Monday, January 27, 2014

"I look from the wings at the play you are staging..."

Back in October of last year, I read The Biology of Belief, an infomercial of a book that was heavy on biological terminology, extremely heavy on new age spirituality, and almost non-existent on real world application. (Regarding practical use, there was a couple-page ad in the back, deceptively labeled as an “epilogue,” for someone else’s how-to series. No, thank you.)  Like any such book, I read it with a grain of salt, mentally banked what was of interest to me, and discarded the rest.

I followed it up with You Are Not So Smart, and then Mind Wide Open, the former being a highly-readable easy-access tour through modern pop psychology, and the second being a slightly-less-informative tour of the brain.

What do these three books all have in common?  (Besides the high honor of me having read them back-to-back?!)

THEY ARE ABOUT THE SUBCONSCIOUS.  And I hate to be the bearer of sad news, but it would appear that as evolved as you think you may be, you are pretty much nothing more than a slave to your instinctual drives, many of which don’t even really makes sense in any logical way. I mean, you think you’re in control, but you’re not in control. All three books came down to one message: your conscious self makes up a lot of stories to rationalize your behavior, but it’s not really the driving force behind that behavior.  Neat, huh? HAVE FUN WITH YOUR DIRECTIONLESS LIVES, GUYS.

Okay, so, all of this was fresh in my mind when Breakaway changed locations around the same time I was reading these books.  The midtown store – my homebase Breakaway – moved one block north, from Union Avenue to Madison (i.e., into Overton Square).  One block may not sound like a lot, but of all the things that particular one block is, “a lot” is at the top of the list.  It changes everything, from the Thursday night running route, to the parking situation, to the ability to drink beer outside (that would be a NO, said the policemen our first week there), right down to the interior of the store, which is now a little less like your little brother’s living room and a little more like your parents’ dining room – still homey, but you’re just never going to have the level of chaos in the latter that you did in the former.

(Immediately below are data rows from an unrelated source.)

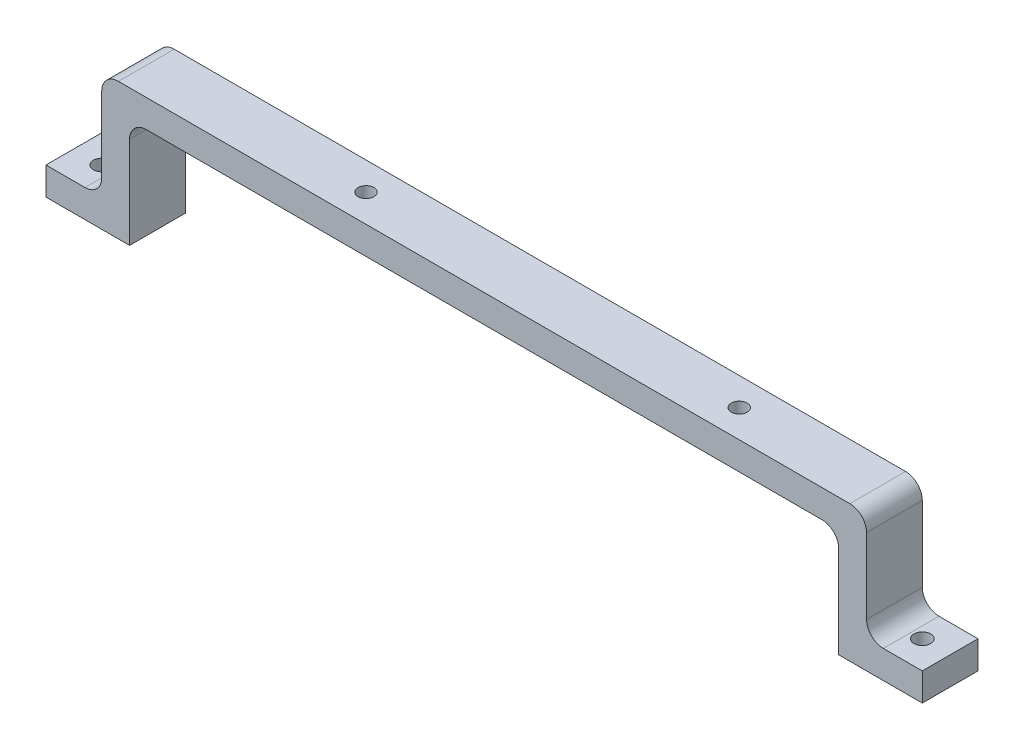
from build123d import *

# Parameters (mm, degrees)
BOSS_EXTRUDE1_DEPTH  = 10
SKETCH2_R            = 1.5
CUT_EXTRUDE1_DEPTH   = 10
FILLET1_R            = 3
FILLET1_OF_MIRROR1_R = 3
SKETCH3_R            = 1.425
CUT_EXTRUDE2_DEPTH   = 10


with BuildPart() as part:
    # Sketch1 → Boss-Extrude1 (new body)
    with BuildSketch(Plane.XY):
        Polygon((0, 0), (-68.64, 0), (-68.64, -19.5), (-78.64, -19.5), (-78.64, -24.5), (-63.64, -24.5), (-63.64, -5), (0, -5), align=None)
    boss_extrude1 = extrude(amount=BOSS_EXTRUDE1_DEPTH)

    # Sketch2 → Cut-Extrude1 (cut)
    with BuildSketch(Plane(origin=(0, -19.5, 0), x_dir=(1, 0, 0), z_dir=(0, 1, 0))):
        with Locations(Location((-73.64, -5, 0), (0, 0, 180))):
            Circle(SKETCH2_R)
    cut_extrude1 = extrude(amount=-CUT_EXTRUDE1_DEPTH, mode=Mode.SUBTRACT)

    # Fillet1
    fillet1_edges = [part.edges().sort_by_distance(p)[0] for p in [
        (-63.64, -5, 5),
        (-68.64, -19.5, 5),
        (-68.64, 0, 5),
    ]]
    fillet(fillet1_edges, radius=FILLET1_R)

    # Mirror1: Boss-Extrude1, Cut-Extrude1 across plane
    add(boss_extrude1.mirror(Plane(origin=(0, -5, 10), x_dir=(0, 0, 1), z_dir=(-1, 0, 0))))
    add(cut_extrude1.mirror(Plane(origin=(0, -5, 10), x_dir=(0, 0, 1), z_dir=(-1, 0, 0))), mode=Mode.SUBTRACT)

    # Fillet1 of Mirror1
    fillet1_of_mirror1_edges = [part.edges().sort_by_distance(p)[0] for p in [
        (63.64, -5, 5),
        (68.64, -19.5, 5),
        (68.64, 0, 5),
    ]]
    fillet(fillet1_of_mirror1_edges, radius=FILLET1_OF_MIRROR1_R)

    # Sketch3 → Cut-Extrude2 (cut)
    with BuildSketch(Plane(origin=(0, 0, 0), x_dir=(1, 0, 0), z_dir=(0, 1, 0))):
        with Locations(Location((40.788603054, -5, 0), (0, 0, 180))):
            Circle(SKETCH3_R)
        with Locations(Location((-26.211396946, -5, 0), (0, 0, 180))):
            Circle(SKETCH3_R)
    extrude(amount=-CUT_EXTRUDE2_DEPTH, mode=Mode.SUBTRACT)


solid = part.part
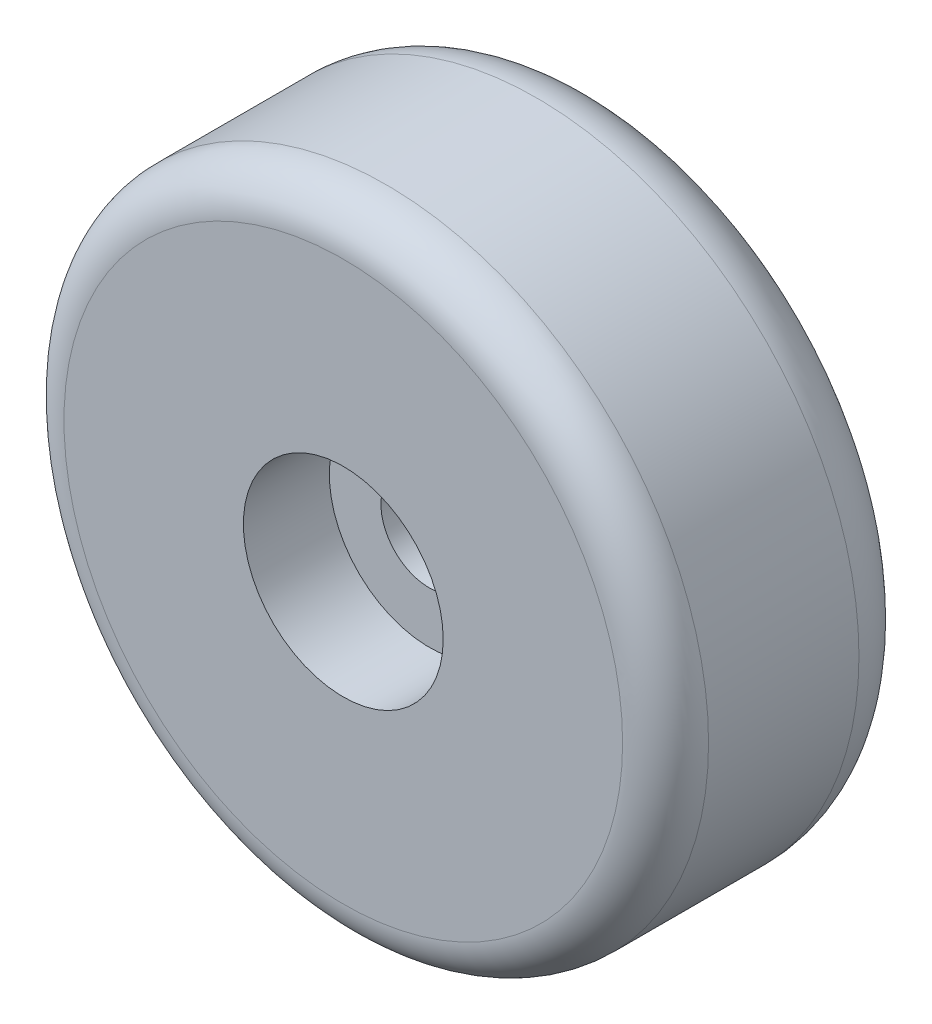
from build123d import *

# Parameters (mm, degrees)
SKETCH_1_R          = 15
SKETCH_1_R_2        = 2.25
EXTRUDE_1_DEPTH     = 12
SKETCH_2_R          = 4.65
CUT_EXTRUDE_1_DEPTH = 4
FILLET_1_R          = 2
FILLET_2_R          = 3


with BuildPart() as part:
    # Эскиз1 → Бобышка-Вытянуть1 (new body)
    with BuildSketch(Plane.XY):
        Circle(SKETCH_1_R)
        Circle(SKETCH_1_R_2, mode=Mode.SUBTRACT)
    extrude(amount=EXTRUDE_1_DEPTH)

    # Эскиз2 → Вырез-Вытянуть1 (cut)
    with BuildSketch(Plane.XY.offset(12)):
        Circle(SKETCH_2_R)
    extrude(amount=-CUT_EXTRUDE_1_DEPTH, mode=Mode.SUBTRACT)

    # Скругление1
    fillet_1_edges = [part.edges().sort_by_distance(p)[0] for p in [
        (-15, 0, 12),
    ]]
    fillet(fillet_1_edges, radius=FILLET_1_R)

    # Скругление2
    fillet_2_edges = [part.edges().sort_by_distance(p)[0] for p in [
        (-15, 0, 0),
    ]]
    fillet(fillet_2_edges, radius=FILLET_2_R)


solid = part.part

The atmosphere shift changes things, if for no other reason than the cues from our surroundings are now different, and thus aspects of our behavior are as well (all that subconscious prompting and whatnot).  How much, and to what avail...well, I'm still monitoring for conclusions.  What hasn't changed is that I look forward to Thursdays with the same air of expectation that I used to look forward to Tuesdays with Buffy the Vampire Slayer.  I can’t wait to see what’s going to happen next.

“What’s next” was a question that loomed heavily over the entirety of last year. I recognize the benefit of being “in the moment” as much as possible, but hearkening back to the above comment about taking things with a grain of salt, what I’m “supposed” to do isn’t always what I actually do, and like anyone else who lives and breathes, I am guilty of looking ahead and looking behind more than is necessary.

In fact, looking ahead was precisely what I was doing almost exactly a year ago, when I wrote of feeling a sense of anticipation.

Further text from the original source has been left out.